Now, for your cases, it's hard for many (like me) to understand the amortized cost of O(1) in the inner loop. Your explanation would be appreciated.
Amortized O(1) is because he's adding to the list only one element per number, and # removes <= # adds.
He's maintaining a list of the max in the current window of k items, followed by the max after that max, etc. He removes the element from k reads ago (assuming it was in the list; otherwise the Remove is a no-op), pops maximums that are no longer maximums, and inserts the value read at the end of the list.
It's not maintaining the full heap, only the elements that could become maximums.
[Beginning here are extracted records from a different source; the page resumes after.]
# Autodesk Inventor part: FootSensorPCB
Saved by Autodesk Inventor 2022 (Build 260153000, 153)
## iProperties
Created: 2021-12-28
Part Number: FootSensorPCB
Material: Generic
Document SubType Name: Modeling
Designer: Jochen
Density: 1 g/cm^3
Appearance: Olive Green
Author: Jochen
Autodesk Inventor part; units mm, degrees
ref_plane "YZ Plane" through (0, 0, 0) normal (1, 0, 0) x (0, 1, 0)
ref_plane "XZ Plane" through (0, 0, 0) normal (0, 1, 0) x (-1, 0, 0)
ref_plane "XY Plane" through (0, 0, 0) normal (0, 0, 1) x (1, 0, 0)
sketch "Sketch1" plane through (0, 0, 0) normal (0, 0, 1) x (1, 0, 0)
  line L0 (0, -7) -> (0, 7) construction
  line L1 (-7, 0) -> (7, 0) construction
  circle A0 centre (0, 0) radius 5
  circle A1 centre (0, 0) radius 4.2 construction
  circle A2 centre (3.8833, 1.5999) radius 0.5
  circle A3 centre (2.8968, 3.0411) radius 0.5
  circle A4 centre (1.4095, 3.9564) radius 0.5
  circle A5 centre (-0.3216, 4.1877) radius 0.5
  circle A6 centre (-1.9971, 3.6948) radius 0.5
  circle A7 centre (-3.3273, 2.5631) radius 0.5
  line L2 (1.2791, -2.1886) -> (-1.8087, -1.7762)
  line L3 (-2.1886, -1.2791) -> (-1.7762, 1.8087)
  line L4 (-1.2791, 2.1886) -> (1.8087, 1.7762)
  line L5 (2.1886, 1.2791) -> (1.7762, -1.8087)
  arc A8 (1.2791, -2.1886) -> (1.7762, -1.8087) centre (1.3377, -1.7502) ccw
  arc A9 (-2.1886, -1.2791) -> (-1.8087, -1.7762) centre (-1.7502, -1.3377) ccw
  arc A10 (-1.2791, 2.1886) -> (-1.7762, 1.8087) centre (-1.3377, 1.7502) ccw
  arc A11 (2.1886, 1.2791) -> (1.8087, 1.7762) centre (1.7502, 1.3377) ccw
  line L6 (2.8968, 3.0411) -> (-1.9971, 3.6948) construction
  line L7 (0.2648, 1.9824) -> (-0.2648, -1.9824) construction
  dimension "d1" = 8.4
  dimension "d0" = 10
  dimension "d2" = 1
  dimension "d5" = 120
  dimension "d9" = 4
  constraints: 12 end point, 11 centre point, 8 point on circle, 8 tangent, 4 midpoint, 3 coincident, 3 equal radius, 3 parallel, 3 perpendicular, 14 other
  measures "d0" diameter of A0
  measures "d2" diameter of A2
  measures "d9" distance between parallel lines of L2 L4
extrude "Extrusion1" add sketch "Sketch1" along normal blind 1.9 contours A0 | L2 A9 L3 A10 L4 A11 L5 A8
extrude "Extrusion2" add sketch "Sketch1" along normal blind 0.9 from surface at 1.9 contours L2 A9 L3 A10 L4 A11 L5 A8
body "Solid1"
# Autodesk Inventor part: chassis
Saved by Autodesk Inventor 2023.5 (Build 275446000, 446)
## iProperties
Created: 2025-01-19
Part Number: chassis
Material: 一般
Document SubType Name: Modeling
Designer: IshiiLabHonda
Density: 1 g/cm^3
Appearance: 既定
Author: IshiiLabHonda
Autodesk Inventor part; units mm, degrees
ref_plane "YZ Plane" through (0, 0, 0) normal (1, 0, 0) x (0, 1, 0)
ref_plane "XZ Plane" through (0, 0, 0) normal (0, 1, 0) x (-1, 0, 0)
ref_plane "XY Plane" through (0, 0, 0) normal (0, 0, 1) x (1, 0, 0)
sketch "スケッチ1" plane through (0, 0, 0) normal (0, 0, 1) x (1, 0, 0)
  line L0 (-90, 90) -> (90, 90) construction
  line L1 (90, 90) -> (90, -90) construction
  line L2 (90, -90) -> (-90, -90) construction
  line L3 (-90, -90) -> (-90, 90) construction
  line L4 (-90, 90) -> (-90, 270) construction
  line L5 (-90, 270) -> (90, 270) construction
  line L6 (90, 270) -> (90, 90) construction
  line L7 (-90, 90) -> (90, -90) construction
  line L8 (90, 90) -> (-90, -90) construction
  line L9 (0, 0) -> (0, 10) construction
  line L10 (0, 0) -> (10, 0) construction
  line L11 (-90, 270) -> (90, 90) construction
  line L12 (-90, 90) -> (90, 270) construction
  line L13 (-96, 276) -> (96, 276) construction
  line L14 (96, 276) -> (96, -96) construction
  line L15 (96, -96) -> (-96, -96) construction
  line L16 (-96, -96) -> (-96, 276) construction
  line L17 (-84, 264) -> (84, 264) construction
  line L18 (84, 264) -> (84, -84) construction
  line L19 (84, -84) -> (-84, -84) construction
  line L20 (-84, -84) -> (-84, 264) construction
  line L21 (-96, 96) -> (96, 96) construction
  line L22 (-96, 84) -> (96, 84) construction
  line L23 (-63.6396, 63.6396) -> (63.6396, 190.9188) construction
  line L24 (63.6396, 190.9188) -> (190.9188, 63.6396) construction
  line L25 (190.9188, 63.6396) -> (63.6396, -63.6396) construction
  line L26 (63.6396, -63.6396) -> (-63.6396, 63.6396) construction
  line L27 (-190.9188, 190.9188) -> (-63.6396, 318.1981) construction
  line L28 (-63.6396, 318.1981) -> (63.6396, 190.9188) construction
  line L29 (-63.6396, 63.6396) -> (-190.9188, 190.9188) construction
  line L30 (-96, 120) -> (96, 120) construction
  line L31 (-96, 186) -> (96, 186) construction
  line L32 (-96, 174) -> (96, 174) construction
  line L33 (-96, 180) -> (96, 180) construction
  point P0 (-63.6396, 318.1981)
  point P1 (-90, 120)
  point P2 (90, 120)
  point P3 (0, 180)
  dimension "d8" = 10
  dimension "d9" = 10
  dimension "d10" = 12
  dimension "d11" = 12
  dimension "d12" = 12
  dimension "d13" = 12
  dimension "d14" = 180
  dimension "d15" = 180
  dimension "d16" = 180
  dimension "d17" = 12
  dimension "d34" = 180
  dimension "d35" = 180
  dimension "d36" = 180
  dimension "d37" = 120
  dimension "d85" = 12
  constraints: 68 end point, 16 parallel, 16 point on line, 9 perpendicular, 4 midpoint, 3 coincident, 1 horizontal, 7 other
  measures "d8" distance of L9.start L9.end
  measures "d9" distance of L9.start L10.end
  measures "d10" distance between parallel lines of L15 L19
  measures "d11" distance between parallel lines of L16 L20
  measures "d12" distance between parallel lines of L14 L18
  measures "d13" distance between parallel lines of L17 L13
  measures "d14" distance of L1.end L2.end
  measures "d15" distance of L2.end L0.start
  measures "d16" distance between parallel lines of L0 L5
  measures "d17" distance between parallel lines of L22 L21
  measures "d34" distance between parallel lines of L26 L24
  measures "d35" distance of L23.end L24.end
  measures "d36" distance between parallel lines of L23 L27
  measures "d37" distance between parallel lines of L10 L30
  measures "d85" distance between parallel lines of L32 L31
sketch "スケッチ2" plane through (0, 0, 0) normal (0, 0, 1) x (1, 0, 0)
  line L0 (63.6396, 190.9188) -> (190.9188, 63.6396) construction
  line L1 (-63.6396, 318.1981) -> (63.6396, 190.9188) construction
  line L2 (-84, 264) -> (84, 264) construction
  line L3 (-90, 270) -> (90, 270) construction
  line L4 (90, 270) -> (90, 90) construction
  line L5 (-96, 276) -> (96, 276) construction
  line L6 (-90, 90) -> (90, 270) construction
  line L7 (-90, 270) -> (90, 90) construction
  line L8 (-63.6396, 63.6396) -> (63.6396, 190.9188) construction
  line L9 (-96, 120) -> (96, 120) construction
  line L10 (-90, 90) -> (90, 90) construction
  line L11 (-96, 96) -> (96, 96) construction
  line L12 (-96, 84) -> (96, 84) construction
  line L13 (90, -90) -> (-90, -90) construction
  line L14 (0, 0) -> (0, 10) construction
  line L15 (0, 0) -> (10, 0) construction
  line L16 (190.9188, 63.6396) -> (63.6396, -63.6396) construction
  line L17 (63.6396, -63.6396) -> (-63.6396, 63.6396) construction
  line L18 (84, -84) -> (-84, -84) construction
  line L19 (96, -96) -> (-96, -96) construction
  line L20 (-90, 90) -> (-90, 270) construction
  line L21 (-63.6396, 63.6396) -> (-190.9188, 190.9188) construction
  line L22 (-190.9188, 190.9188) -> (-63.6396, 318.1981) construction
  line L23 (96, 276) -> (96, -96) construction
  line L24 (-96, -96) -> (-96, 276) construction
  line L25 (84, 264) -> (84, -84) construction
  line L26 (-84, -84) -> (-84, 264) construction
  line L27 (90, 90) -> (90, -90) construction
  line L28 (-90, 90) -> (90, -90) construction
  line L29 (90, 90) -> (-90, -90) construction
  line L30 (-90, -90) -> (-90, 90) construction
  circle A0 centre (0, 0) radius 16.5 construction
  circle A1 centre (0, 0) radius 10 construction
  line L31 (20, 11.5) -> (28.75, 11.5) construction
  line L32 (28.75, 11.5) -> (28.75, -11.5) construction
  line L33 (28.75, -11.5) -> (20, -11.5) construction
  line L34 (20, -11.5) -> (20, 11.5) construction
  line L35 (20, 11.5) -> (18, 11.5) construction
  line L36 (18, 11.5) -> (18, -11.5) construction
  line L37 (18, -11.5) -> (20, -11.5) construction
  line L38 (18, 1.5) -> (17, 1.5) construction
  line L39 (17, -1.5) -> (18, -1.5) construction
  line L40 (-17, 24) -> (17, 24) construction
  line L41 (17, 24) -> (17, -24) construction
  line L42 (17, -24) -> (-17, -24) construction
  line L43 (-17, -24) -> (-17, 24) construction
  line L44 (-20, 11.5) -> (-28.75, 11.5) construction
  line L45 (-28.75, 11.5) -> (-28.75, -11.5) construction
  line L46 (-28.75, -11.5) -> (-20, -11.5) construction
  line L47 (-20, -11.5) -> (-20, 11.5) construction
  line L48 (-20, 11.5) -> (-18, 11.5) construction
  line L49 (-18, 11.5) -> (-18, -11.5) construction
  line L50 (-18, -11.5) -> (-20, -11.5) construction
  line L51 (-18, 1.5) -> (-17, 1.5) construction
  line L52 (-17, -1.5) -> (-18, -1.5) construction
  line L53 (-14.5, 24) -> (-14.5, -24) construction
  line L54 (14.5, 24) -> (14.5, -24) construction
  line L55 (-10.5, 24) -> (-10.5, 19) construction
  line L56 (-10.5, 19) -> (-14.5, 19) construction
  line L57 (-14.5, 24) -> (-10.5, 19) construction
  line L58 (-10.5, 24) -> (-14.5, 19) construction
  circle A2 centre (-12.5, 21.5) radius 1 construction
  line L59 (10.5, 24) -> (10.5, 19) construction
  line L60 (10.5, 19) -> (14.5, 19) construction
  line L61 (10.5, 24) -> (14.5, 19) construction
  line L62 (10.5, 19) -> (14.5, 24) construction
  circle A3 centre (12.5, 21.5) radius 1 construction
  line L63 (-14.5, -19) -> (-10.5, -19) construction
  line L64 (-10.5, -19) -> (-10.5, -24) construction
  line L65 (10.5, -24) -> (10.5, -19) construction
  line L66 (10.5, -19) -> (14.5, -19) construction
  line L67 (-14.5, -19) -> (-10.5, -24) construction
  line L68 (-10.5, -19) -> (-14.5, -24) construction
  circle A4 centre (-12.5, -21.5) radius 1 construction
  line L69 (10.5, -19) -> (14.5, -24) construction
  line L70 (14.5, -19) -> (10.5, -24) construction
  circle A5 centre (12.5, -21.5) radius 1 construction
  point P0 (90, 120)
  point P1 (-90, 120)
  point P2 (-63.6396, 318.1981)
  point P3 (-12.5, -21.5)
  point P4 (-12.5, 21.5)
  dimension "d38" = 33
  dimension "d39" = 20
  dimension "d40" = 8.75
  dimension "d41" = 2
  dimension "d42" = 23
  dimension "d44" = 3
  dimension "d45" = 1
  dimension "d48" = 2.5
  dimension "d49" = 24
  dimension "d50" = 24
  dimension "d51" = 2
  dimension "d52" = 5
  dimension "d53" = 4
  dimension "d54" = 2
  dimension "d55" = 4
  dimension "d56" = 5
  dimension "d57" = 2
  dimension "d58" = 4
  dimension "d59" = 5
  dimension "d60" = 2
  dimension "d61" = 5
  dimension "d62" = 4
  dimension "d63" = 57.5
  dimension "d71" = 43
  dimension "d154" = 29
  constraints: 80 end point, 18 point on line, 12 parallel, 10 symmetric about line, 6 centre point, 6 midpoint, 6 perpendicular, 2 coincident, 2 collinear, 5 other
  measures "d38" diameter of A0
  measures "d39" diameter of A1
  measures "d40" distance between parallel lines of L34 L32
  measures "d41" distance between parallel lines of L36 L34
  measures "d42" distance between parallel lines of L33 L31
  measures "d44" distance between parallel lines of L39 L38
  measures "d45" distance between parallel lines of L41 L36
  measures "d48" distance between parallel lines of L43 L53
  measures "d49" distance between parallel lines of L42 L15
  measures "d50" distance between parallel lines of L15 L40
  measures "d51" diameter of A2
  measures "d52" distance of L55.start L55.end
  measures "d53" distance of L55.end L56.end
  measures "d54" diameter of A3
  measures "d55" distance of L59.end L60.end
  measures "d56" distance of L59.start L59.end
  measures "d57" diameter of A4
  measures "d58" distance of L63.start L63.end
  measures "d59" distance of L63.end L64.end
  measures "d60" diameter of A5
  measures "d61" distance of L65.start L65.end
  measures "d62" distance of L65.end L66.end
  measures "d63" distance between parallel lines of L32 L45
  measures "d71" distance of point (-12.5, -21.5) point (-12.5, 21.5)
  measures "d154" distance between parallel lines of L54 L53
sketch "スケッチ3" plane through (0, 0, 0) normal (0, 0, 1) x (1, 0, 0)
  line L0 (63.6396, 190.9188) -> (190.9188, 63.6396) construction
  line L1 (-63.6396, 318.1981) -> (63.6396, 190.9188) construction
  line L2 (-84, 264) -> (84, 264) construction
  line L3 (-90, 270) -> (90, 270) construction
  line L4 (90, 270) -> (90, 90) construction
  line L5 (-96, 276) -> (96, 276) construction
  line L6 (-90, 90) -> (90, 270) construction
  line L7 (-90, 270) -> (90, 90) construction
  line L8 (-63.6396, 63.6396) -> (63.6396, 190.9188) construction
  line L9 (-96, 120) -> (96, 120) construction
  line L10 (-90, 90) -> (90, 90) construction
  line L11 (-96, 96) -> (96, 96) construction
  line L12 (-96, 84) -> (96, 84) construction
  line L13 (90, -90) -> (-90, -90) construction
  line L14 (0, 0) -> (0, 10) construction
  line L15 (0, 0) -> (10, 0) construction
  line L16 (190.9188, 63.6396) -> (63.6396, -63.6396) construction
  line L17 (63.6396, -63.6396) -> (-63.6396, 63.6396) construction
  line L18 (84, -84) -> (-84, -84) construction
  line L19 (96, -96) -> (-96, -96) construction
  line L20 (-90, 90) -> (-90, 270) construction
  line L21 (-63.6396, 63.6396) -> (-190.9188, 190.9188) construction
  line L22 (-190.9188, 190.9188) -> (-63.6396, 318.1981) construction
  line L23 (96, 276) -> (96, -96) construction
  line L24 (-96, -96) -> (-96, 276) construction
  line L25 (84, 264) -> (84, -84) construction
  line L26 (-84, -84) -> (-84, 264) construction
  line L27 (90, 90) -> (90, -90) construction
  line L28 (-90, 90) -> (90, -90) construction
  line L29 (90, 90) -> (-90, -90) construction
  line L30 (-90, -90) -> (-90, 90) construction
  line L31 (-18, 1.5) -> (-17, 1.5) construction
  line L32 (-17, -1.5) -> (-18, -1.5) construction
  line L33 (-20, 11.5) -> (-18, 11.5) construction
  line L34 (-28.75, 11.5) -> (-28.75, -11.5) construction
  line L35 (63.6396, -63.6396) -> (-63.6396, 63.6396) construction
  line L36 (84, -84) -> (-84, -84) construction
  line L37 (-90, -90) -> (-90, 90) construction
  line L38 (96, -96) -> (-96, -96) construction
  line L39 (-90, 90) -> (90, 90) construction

It's amortized O(1) because anything less than the current element can be discarded.
Let k =3;
step 1: Maintain 'k' array tree.root having max element in tree.
Display max element.
Here tree having one root, left,middle,right nodes.
index = k;
node = left_node;
step 2: if(node->value == root)
{
node->value = a[index]; // Insert new element in tree
Find out max value of tree.
root = max_value
}
else
{
node->value = a[index]; // Insert new element in tree
if(node->value > root)
root = node->value;
}
print root.
step3: index=index+1;
if(index %k == 0) node = left_node;
else if((index+1)%k ==0) node = middle_node;
else if(index+2)%k==0) node = last_node;
Repeat step 2 till index reaches 'n'.
Example: 90 40 3 5 6 7 8
Here: 90- root
90- left node
40- middle node
3- right node o/p -> 90
for '5' - 5 has to replace left node first.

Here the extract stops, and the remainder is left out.